__Task objective__. Every line of the entries with the word "Denominator" in it should be shown.

__The data__.
- Opening Delimiter -
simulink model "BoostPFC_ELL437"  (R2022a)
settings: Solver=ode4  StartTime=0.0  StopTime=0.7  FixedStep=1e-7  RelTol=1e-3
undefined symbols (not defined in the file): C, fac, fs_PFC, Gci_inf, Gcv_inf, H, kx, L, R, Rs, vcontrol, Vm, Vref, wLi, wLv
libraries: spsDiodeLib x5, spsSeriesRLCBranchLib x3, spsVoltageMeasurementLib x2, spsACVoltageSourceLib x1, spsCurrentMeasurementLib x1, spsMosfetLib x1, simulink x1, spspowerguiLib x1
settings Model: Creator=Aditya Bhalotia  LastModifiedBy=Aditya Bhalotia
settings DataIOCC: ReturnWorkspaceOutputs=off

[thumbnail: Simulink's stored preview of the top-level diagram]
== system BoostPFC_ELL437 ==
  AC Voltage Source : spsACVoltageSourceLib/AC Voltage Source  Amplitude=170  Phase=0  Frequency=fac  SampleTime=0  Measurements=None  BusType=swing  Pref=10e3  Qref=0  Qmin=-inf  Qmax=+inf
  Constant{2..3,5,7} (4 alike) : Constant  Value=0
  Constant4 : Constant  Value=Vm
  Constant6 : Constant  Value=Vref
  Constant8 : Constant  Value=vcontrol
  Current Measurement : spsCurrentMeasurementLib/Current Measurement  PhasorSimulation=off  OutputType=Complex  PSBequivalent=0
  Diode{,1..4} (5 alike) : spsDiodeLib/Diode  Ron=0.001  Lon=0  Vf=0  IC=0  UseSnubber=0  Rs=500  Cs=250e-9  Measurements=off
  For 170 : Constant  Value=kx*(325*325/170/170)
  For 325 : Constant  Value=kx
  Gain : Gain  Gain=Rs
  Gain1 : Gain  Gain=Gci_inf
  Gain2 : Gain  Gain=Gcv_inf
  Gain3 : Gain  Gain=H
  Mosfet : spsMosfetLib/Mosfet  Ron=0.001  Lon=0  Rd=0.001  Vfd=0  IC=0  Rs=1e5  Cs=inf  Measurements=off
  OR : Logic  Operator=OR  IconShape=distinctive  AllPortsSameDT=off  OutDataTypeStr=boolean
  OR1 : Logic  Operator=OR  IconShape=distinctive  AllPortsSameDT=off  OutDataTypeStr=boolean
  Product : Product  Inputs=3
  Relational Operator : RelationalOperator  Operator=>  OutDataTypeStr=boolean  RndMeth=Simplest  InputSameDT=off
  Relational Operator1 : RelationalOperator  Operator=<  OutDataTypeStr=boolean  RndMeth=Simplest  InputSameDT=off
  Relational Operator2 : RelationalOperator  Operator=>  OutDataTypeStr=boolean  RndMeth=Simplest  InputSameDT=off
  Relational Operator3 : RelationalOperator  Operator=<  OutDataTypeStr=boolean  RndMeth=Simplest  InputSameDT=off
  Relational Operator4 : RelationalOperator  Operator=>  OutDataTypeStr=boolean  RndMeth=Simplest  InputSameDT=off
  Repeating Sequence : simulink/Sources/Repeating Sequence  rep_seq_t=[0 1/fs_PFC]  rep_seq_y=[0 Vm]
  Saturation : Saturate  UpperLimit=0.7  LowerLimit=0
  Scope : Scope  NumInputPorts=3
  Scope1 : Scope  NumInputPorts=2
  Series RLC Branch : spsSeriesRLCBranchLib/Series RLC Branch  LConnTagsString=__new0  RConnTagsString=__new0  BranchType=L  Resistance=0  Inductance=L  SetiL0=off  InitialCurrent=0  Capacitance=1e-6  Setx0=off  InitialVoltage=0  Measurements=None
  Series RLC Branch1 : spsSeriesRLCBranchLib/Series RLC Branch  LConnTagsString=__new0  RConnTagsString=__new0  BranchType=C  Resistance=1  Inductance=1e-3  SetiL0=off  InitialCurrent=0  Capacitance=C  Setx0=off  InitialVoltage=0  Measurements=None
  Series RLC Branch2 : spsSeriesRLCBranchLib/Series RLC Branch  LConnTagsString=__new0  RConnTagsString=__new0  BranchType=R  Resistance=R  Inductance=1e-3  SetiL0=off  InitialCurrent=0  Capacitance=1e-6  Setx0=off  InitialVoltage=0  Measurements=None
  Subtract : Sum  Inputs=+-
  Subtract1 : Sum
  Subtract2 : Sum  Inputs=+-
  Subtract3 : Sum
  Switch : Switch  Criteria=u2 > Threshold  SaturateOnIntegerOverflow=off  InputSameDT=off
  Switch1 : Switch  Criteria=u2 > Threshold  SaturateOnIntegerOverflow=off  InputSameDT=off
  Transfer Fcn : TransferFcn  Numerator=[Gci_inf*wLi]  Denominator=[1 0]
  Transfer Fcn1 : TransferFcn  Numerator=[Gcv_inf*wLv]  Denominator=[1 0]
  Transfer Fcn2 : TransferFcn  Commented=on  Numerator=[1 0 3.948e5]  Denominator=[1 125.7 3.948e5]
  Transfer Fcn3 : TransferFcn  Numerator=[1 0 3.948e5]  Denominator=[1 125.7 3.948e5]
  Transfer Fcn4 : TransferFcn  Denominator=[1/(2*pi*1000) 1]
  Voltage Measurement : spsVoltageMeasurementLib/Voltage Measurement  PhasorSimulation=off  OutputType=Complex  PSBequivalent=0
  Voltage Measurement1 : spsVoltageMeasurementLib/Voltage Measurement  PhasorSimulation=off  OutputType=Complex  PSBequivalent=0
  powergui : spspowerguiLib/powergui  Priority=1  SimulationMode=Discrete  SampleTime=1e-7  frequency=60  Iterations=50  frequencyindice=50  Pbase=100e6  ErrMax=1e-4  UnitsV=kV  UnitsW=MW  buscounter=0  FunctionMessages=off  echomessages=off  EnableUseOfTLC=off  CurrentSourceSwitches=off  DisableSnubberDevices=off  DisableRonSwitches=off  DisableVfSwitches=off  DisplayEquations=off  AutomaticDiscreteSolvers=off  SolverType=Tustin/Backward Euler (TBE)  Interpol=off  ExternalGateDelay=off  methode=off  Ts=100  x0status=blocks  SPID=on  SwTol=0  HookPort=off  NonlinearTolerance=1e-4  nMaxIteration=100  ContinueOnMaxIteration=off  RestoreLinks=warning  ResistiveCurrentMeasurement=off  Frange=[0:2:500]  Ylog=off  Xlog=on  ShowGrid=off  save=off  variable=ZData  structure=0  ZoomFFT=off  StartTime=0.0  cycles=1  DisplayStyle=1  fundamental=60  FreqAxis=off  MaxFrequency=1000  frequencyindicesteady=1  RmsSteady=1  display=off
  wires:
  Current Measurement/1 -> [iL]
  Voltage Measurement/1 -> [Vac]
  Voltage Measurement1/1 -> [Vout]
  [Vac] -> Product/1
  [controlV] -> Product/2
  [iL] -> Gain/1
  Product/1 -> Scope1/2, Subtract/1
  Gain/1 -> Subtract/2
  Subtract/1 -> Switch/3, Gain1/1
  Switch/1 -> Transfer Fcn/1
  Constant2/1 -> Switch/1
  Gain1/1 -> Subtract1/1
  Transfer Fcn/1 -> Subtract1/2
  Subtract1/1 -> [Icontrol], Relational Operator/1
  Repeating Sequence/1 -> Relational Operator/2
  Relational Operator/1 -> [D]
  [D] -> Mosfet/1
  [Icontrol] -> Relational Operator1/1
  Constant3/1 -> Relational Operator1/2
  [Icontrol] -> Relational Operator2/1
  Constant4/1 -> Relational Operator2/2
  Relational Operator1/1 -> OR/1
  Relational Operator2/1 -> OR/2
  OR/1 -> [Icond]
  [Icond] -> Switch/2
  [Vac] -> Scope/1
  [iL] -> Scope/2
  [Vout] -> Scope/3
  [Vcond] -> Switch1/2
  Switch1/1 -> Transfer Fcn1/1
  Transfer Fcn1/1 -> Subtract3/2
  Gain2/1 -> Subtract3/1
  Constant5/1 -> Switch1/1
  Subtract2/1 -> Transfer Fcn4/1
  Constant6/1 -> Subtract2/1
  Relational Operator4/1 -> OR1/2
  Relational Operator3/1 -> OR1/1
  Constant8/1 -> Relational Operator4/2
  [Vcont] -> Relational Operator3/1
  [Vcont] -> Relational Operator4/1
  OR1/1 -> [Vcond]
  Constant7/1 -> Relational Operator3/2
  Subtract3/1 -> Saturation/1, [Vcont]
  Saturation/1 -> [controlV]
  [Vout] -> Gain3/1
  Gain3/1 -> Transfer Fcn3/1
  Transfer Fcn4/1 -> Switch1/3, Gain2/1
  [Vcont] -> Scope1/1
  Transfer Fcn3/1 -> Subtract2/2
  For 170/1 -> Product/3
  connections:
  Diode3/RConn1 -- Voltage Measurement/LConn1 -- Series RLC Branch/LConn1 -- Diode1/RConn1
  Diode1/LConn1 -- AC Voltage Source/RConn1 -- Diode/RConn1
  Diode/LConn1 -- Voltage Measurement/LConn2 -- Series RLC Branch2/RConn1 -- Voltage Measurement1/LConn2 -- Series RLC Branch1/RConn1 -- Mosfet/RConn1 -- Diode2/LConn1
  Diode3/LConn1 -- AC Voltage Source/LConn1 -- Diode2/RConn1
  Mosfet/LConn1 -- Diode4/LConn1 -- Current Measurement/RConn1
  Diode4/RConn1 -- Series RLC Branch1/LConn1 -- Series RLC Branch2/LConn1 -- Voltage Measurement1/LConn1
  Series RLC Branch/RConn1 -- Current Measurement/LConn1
- Closing Delimiter -
__Finished exercise__.
  Transfer Fcn : TransferFcn  Numerator=[Gci_inf*wLi]  Denominator=[1 0]
  Transfer Fcn1 : TransferFcn  Numerator=[Gcv_inf*wLv]  Denominator=[1 0]
  Transfer Fcn2 : TransferFcn  Commented=on  Numerator=[1 0 3.948e5]  Denominator=[1 125.7 3.948e5]
  Transfer Fcn3 : TransferFcn  Numerator=[1 0 3.948e5]  Denominator=[1 125.7 3.948e5]
  Transfer Fcn4 : TransferFcn  Denominator=[1/(2*pi*1000) 1]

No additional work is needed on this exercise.